> **What the exercise asks**: For the material that follows, return exactly the lines from the one with "#111=CARTESIAN_POINT('',(1.42349773784017,3.69711678714927,0.));" through the one with "#123=CARTESIAN_POINT('',(1.02747942485214,3.37122288981071,0.));", both ends included.

> **Information supplied**:

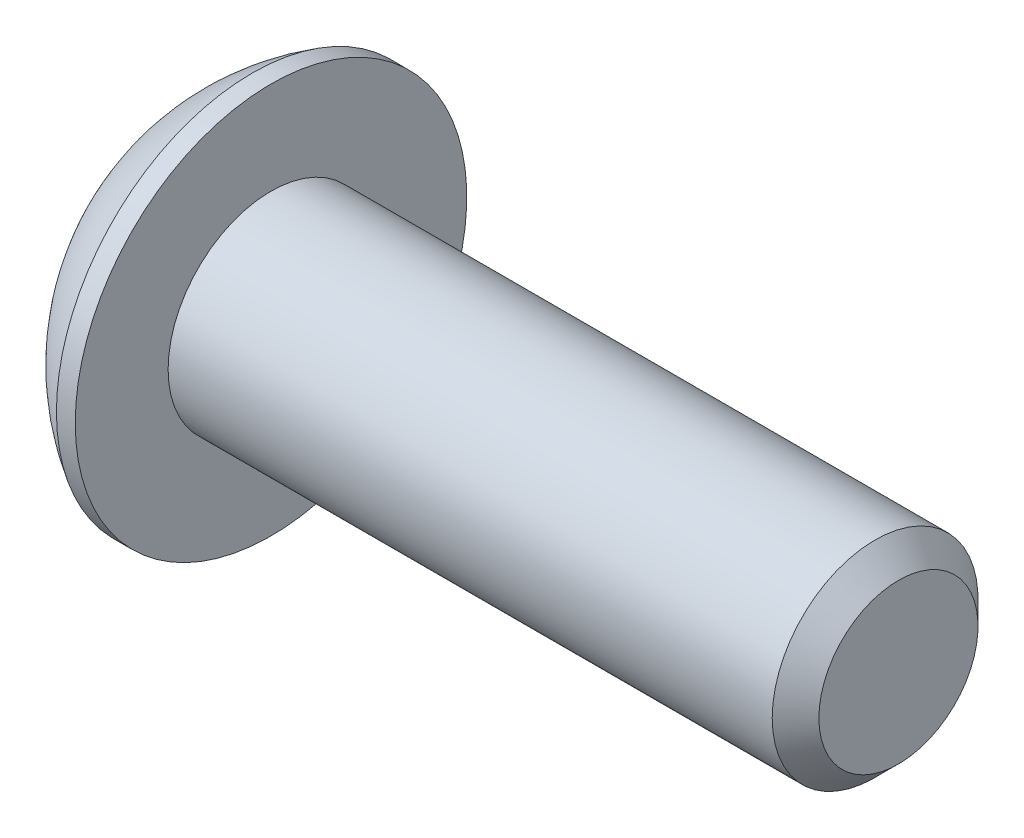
ISO-10303-21;
HEADER;
FILE_DESCRIPTION(('STEP AP214'),'2;1');
FILE_NAME('part.step','',(''),(''),'','','');
FILE_SCHEMA(('AUTOMOTIVE_DESIGN { 1 0 10303 214 1 1 1 1 }'));
ENDSEC;
DATA;
#1=APPLICATION_CONTEXT('core data for automotive mechanical design processes');
#2=APPLICATION_PROTOCOL_DEFINITION('international standard','automotive_design',2000,#1);
#3=PRODUCT_CONTEXT('',#1,'mechanical');
#4=PRODUCT('Part','Part','',(#3));
#5=PRODUCT_RELATED_PRODUCT_CATEGORY('part','',(#4));
#6=PRODUCT_DEFINITION_FORMATION('','',#4);
#7=PRODUCT_DEFINITION_CONTEXT('part definition',#1,'design');
#8=PRODUCT_DEFINITION('design','',#6,#7);
#9=PRODUCT_DEFINITION_SHAPE('','',#8);
#10=(LENGTH_UNIT() NAMED_UNIT(*) SI_UNIT(.MILLI.,.METRE.));
#11=(NAMED_UNIT(*) PLANE_ANGLE_UNIT() SI_UNIT($,.RADIAN.));
#12=(NAMED_UNIT(*) SI_UNIT($,.STERADIAN.) SOLID_ANGLE_UNIT());
#13=UNCERTAINTY_MEASURE_WITH_UNIT(LENGTH_MEASURE(1.E-05),#10,'distance_accuracy_value','');
#14=(GEOMETRIC_REPRESENTATION_CONTEXT(3) GLOBAL_UNCERTAINTY_ASSIGNED_CONTEXT((#13)) GLOBAL_UNIT_ASSIGNED_CONTEXT((#10,
#11,#12)) REPRESENTATION_CONTEXT('',''));
#15=CARTESIAN_POINT('',(0.,0.,0.));
#16=DIRECTION('',(0.,0.,1.));
#17=DIRECTION('',(1.,0.,0.));
#18=AXIS2_PLACEMENT_3D('',#15,#16,#17);
#19=CARTESIAN_POINT('',(0.,0.,0.));
#20=DIRECTION('',(-1.,0.,0.));
#21=DIRECTION('',(0.,0.,1.));
#22=AXIS2_PLACEMENT_3D('',#19,#20,#21);
#23=PLANE('',#22);
#24=CARTESIAN_POINT('',(0.,0.,0.));
#25=DIRECTION('',(-1.,0.,0.));
#26=DIRECTION('',(0.,0.,1.));
#27=AXIS2_PLACEMENT_3D('',#24,#25,#26);
#28=CIRCLE('',#27,1.9812);
#29=CARTESIAN_POINT('',(0.,1.9812,0.));
#30=VERTEX_POINT('',#29);
#31=EDGE_CURVE('E11',#30,#30,#28,.T.);
#32=ORIENTED_EDGE('',*,*,#31,.T.);
#33=EDGE_LOOP('',(#32));
#34=FACE_BOUND('',#33,.T.);
#35=DIRECTION('',(0.,-1.,0.));
#36=VECTOR('',#35,1.);
#37=CARTESIAN_POINT('',(0.,-0.689240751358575,1.1938));
#38=LINE('',#37,#36);
#39=CARTESIAN_POINT('',(0.,0.689240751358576,1.1938));
#40=VERTEX_POINT('',#39);
#41=CARTESIAN_POINT('',(0.,-0.689240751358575,1.1938));
#42=VERTEX_POINT('',#41);
#43=EDGE_CURVE('E47',#40,#42,#38,.T.);
#44=ORIENTED_EDGE('',*,*,#43,.T.);
#45=DIRECTION('',(0.,-0.5,-0.866025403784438));
#46=VECTOR('',#45,1.);
#47=CARTESIAN_POINT('',(0.,-1.37848150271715,0.));
#48=LINE('',#47,#46);
#49=CARTESIAN_POINT('',(0.,-1.37848150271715,0.));
#50=VERTEX_POINT('',#49);
#51=EDGE_CURVE('E363',#42,#50,#48,.T.);
#52=ORIENTED_EDGE('',*,*,#51,.T.);
#53=DIRECTION('',(0.,0.5,-0.866025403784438));
#54=VECTOR('',#53,1.);
#55=CARTESIAN_POINT('',(0.,-0.689240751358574,-1.1938));
#56=LINE('',#55,#54);
#57=CARTESIAN_POINT('',(0.,-0.689240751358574,-1.1938));
#58=VERTEX_POINT('',#57);
#59=EDGE_CURVE('E127',#50,#58,#56,.T.);
#60=ORIENTED_EDGE('',*,*,#59,.T.);
#61=DIRECTION('',(0.,1.,0.));
#62=VECTOR('',#61,1.);
#63=CARTESIAN_POINT('',(0.,0.689240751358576,-1.1938));
#64=LINE('',#63,#62);
#65=CARTESIAN_POINT('',(0.,0.689240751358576,-1.1938));
#66=VERTEX_POINT('',#65);
#67=EDGE_CURVE('E366',#58,#66,#64,.T.);
#68=ORIENTED_EDGE('',*,*,#67,.T.);
#69=DIRECTION('',(0.,0.5,0.866025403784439));
#70=VECTOR('',#69,1.);
#71=CARTESIAN_POINT('',(0.,1.37848150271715,0.));
#72=LINE('',#71,#70);
#73=CARTESIAN_POINT('',(0.,1.37848150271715,0.));
#74=VERTEX_POINT('',#73);
#75=EDGE_CURVE('E368',#66,#74,#72,.T.);
#76=ORIENTED_EDGE('',*,*,#75,.T.);
#77=DIRECTION('',(0.,-0.5,0.866025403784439));
#78=VECTOR('',#77,1.);
#79=CARTESIAN_POINT('',(0.,0.689240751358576,1.1938));
#80=LINE('',#79,#78);
#81=EDGE_CURVE('E370',#74,#40,#80,.T.);
#82=ORIENTED_EDGE('',*,*,#81,.T.);
#83=EDGE_LOOP('',(#44,#52,#60,#68,#76,#82));
#84=FACE_BOUND('',#83,.T.);
#85=ADVANCED_FACE('F33',(#34,#84),#23,.T.);
#86=CARTESIAN_POINT('',(4.13385,0.,0.));
#87=DIRECTION('',(-1.,0.,0.));
#88=DIRECTION('',(0.,1.,0.));
#89=AXIS2_PLACEMENT_3D('',#86,#87,#88);
#90=SPHERICAL_SURFACE('',#89,4.58408870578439);
#91=CARTESIAN_POINT('',(1.8288,0.,0.));
#92=DIRECTION('',(-1.,0.,0.));
#93=DIRECTION('',(0.,0.,1.));
#94=AXIS2_PLACEMENT_3D('',#91,#92,#93);
#95=CIRCLE('',#94,3.9624);
#96=CARTESIAN_POINT('',(1.8288,3.9624,0.));
#97=VERTEX_POINT('',#96);
#98=EDGE_CURVE('E40',#97,#97,#95,.T.);
#99=CARTESIAN_POINT('',(1.8288,3.9624,0.));
#100=CARTESIAN_POINT('',(1.80415889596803,3.94806555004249,0.));
#101=CARTESIAN_POINT('',(1.77965153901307,3.93350118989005,0.));
#102=CARTESIAN_POINT('',(1.73091277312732,3.90391784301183,0.));
#103=CARTESIAN_POINT('',(1.70668136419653,3.88889885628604,0.));
#104=CARTESIAN_POINT('',(1.65850294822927,3.85841145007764,0.));
#105=CARTESIAN_POINT('',(1.63455594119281,3.84294303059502,0.));
#106=CARTESIAN_POINT('',(1.58695465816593,3.8115621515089,0.));
#107=CARTESIAN_POINT('',(1.56330038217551,3.79564969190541,0.));
#108=CARTESIAN_POINT('',(1.51629279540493,3.76338626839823,0.));
#109=CARTESIAN_POINT('',(1.49293948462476,3.74703530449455,0.));
#110=CARTESIAN_POINT('',(1.44654195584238,3.71390056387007,0.));
#111=CARTESIAN_POINT('',(1.42349773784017,3.69711678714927,0.));
#112=CARTESIAN_POINT('',(1.37772641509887,3.66312226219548,0.));
#113=CARTESIAN_POINT('',(1.35499931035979,3.6459115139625,0.));
#114=CARTESIAN_POINT('',(1.30987012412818,3.61106903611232,0.));
#115=CARTESIAN_POINT('',(1.28746804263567,3.59343730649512,0.));
#116=CARTESIAN_POINT('',(1.2429966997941,3.55775900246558,0.));
#117=CARTESIAN_POINT('',(1.22092743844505,3.53971242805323,0.));
#118=CARTESIAN_POINT('',(1.17712941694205,3.50321071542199,0.));
#119=CARTESIAN_POINT('',(1.1554006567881,3.48475557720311,0.));
#120=CARTESIAN_POINT('',(1.11229120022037,3.44744316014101,0.));
#121=CARTESIAN_POINT('',(1.0909105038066,3.42858588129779,0.));
#122=CARTESIAN_POINT('',(1.04850461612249,3.39047574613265,0.));
#123=CARTESIAN_POINT('',(1.02747942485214,3.37122288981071,0.));
#124=CARTESIAN_POINT('',(0.985791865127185,3.33232830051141,0.));
#125=CARTESIAN_POINT('',(0.965129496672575,3.31268656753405,0.));
#126=CARTESIAN_POINT('',(0.924174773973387,3.27302106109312,0.));
#127=CARTESIAN_POINT('',(0.903882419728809,3.25299728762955,0.));
#128=CARTESIAN_POINT('',(0.863674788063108,3.21257466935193,0.));
#129=CARTESIAN_POINT('',(0.843759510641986,3.19217582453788,0.));
#130=CARTESIAN_POINT('',(0.804312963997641,3.15101016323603,0.));
#131=CARTESIAN_POINT('',(0.784781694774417,3.13024334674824,0.));
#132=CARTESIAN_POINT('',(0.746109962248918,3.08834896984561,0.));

> **Result below**:
#111=CARTESIAN_POINT('',(1.42349773784017,3.69711678714927,0.));
#112=CARTESIAN_POINT('',(1.37772641509887,3.66312226219548,0.));
#113=CARTESIAN_POINT('',(1.35499931035979,3.6459115139625,0.));
#114=CARTESIAN_POINT('',(1.30987012412818,3.61106903611232,0.));
#115=CARTESIAN_POINT('',(1.28746804263567,3.59343730649512,0.));
#116=CARTESIAN_POINT('',(1.2429966997941,3.55775900246558,0.));
#117=CARTESIAN_POINT('',(1.22092743844505,3.53971242805323,0.));
#118=CARTESIAN_POINT('',(1.17712941694205,3.50321071542199,0.));
#119=CARTESIAN_POINT('',(1.1554006567881,3.48475557720311,0.));
#120=CARTESIAN_POINT('',(1.11229120022037,3.44744316014101,0.));
#121=CARTESIAN_POINT('',(1.0909105038066,3.42858588129779,0.));
#122=CARTESIAN_POINT('',(1.04850461612249,3.39047574613265,0.));
#123=CARTESIAN_POINT('',(1.02747942485214,3.37122288981071,0.));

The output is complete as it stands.